### TASK
Produce an exact copy of the lines below, starting at the first and ending with the line containing "#12=(NAMED_UNIT(*) SI_UNIT($,.STERADIAN.) SOLID_ANGLE_UNIT());".

DATASET Start Marker

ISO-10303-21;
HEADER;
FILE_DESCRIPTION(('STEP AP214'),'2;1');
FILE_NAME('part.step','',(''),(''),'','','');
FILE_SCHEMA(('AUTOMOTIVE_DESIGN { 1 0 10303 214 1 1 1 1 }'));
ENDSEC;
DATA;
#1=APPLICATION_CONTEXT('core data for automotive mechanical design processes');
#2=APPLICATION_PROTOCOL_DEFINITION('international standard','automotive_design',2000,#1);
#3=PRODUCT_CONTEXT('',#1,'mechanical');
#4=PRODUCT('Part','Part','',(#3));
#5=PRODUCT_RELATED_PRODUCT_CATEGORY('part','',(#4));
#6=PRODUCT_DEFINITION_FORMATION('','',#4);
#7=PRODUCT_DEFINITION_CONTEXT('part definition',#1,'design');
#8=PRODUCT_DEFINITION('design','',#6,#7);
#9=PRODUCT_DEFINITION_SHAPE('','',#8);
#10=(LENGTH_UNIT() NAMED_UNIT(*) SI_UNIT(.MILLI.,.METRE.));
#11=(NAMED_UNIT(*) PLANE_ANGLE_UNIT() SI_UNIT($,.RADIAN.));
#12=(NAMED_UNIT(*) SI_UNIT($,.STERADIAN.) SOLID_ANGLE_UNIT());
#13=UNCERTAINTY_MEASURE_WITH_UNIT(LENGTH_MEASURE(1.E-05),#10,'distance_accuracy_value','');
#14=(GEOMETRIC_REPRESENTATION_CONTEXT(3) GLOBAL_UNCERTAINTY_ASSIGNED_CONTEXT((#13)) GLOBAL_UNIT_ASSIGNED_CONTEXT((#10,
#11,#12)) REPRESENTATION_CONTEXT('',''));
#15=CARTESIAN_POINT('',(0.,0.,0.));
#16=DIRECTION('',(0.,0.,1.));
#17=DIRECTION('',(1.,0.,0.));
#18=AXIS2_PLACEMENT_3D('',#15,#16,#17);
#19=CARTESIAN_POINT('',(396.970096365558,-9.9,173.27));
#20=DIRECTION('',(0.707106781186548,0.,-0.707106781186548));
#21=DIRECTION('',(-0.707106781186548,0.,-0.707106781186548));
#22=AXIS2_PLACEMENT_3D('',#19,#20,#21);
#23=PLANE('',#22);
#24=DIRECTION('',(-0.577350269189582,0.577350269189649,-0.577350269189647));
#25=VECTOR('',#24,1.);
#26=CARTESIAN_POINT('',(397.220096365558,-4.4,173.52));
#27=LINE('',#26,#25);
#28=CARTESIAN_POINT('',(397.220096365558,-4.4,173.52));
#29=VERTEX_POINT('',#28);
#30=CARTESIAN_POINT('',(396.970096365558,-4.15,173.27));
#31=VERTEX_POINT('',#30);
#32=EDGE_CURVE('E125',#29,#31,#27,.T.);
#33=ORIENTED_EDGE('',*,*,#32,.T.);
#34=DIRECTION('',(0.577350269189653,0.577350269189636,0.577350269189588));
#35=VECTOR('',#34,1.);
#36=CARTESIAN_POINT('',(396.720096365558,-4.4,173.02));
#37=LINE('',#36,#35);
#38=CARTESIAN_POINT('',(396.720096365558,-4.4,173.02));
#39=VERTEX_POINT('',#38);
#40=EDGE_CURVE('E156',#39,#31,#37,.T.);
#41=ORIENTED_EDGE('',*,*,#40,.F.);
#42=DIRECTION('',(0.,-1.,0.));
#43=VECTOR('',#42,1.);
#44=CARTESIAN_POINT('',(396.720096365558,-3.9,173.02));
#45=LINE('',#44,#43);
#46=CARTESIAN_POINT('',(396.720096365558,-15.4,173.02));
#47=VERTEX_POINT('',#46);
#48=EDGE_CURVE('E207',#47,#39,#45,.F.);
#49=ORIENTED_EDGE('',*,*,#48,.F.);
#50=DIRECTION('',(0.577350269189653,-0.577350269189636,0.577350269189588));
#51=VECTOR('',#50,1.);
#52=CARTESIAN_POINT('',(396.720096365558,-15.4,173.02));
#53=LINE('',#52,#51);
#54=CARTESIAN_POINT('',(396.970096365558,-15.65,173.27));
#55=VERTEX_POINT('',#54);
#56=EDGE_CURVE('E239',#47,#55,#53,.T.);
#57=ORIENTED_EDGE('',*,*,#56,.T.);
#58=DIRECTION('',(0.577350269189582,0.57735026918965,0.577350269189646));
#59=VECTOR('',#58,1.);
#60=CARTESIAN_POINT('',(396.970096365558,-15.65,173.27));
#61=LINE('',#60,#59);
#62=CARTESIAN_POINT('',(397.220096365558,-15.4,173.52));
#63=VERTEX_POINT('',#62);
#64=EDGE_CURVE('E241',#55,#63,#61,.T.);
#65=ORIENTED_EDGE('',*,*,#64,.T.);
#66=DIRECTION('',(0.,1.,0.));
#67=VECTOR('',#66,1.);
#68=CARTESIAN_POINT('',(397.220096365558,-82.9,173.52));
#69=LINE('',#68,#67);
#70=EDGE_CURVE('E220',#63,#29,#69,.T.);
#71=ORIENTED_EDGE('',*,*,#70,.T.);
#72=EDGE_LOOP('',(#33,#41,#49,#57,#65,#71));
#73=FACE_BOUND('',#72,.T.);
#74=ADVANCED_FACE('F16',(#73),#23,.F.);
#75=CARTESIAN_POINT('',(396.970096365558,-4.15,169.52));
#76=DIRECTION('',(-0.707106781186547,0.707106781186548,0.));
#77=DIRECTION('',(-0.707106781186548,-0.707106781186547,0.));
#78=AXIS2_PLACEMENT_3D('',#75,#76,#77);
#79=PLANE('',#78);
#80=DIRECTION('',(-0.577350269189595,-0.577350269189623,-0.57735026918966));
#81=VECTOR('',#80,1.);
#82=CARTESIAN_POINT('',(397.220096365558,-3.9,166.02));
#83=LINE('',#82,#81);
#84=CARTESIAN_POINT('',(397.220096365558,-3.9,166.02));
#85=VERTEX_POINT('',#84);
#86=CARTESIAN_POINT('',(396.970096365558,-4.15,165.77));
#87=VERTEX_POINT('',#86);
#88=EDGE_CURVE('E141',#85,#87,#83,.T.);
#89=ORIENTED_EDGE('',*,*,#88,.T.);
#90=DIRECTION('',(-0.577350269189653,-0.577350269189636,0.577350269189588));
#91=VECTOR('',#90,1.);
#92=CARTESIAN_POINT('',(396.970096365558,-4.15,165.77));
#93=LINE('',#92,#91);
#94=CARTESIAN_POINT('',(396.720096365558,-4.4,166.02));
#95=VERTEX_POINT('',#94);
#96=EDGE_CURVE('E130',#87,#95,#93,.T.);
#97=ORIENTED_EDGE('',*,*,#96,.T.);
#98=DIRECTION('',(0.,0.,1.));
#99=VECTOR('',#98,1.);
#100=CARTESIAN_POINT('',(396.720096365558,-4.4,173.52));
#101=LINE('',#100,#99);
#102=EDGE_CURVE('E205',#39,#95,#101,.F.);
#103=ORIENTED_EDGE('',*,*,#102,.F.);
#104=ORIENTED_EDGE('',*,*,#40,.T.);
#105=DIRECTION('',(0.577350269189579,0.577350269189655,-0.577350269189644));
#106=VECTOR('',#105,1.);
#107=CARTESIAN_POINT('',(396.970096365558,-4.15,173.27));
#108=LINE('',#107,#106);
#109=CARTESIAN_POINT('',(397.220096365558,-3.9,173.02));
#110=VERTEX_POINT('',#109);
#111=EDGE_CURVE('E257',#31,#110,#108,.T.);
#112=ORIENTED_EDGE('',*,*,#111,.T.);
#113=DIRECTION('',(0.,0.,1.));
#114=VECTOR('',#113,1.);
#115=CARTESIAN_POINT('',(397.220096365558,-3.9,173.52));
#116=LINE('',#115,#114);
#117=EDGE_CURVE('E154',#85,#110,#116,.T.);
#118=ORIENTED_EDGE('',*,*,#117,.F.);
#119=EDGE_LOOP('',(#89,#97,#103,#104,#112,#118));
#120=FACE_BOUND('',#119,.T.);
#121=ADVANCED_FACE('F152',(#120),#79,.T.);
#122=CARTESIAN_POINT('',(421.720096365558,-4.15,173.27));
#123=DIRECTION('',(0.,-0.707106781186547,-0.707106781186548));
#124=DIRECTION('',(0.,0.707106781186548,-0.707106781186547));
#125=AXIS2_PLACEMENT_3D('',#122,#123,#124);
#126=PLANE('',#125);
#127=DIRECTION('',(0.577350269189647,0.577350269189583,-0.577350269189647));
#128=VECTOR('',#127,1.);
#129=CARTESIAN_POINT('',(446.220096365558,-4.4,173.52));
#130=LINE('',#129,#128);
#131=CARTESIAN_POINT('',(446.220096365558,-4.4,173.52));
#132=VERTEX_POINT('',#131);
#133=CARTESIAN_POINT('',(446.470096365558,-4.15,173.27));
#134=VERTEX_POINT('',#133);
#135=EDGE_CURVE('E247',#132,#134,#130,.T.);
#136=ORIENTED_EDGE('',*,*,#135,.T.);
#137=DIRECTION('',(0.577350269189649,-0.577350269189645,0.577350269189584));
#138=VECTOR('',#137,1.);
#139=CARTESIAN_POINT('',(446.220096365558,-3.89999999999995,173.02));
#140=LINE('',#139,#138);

DATASET End Marker

### TASK RESULT
ISO-10303-21;
HEADER;
FILE_DESCRIPTION(('STEP AP214'),'2;1');
FILE_NAME('part.step','',(''),(''),'','','');
FILE_SCHEMA(('AUTOMOTIVE_DESIGN { 1 0 10303 214 1 1 1 1 }'));
ENDSEC;
DATA;
#1=APPLICATION_CONTEXT('core data for automotive mechanical design processes');
#2=APPLICATION_PROTOCOL_DEFINITION('international standard','automotive_design',2000,#1);
#3=PRODUCT_CONTEXT('',#1,'mechanical');
#4=PRODUCT('Part','Part','',(#3));
#5=PRODUCT_RELATED_PRODUCT_CATEGORY('part','',(#4));
#6=PRODUCT_DEFINITION_FORMATION('','',#4);
#7=PRODUCT_DEFINITION_CONTEXT('part definition',#1,'design');
#8=PRODUCT_DEFINITION('design','',#6,#7);
#9=PRODUCT_DEFINITION_SHAPE('','',#8);
#10=(LENGTH_UNIT() NAMED_UNIT(*) SI_UNIT(.MILLI.,.METRE.));
#11=(NAMED_UNIT(*) PLANE_ANGLE_UNIT() SI_UNIT($,.RADIAN.));
#12=(NAMED_UNIT(*) SI_UNIT($,.STERADIAN.) SOLID_ANGLE_UNIT());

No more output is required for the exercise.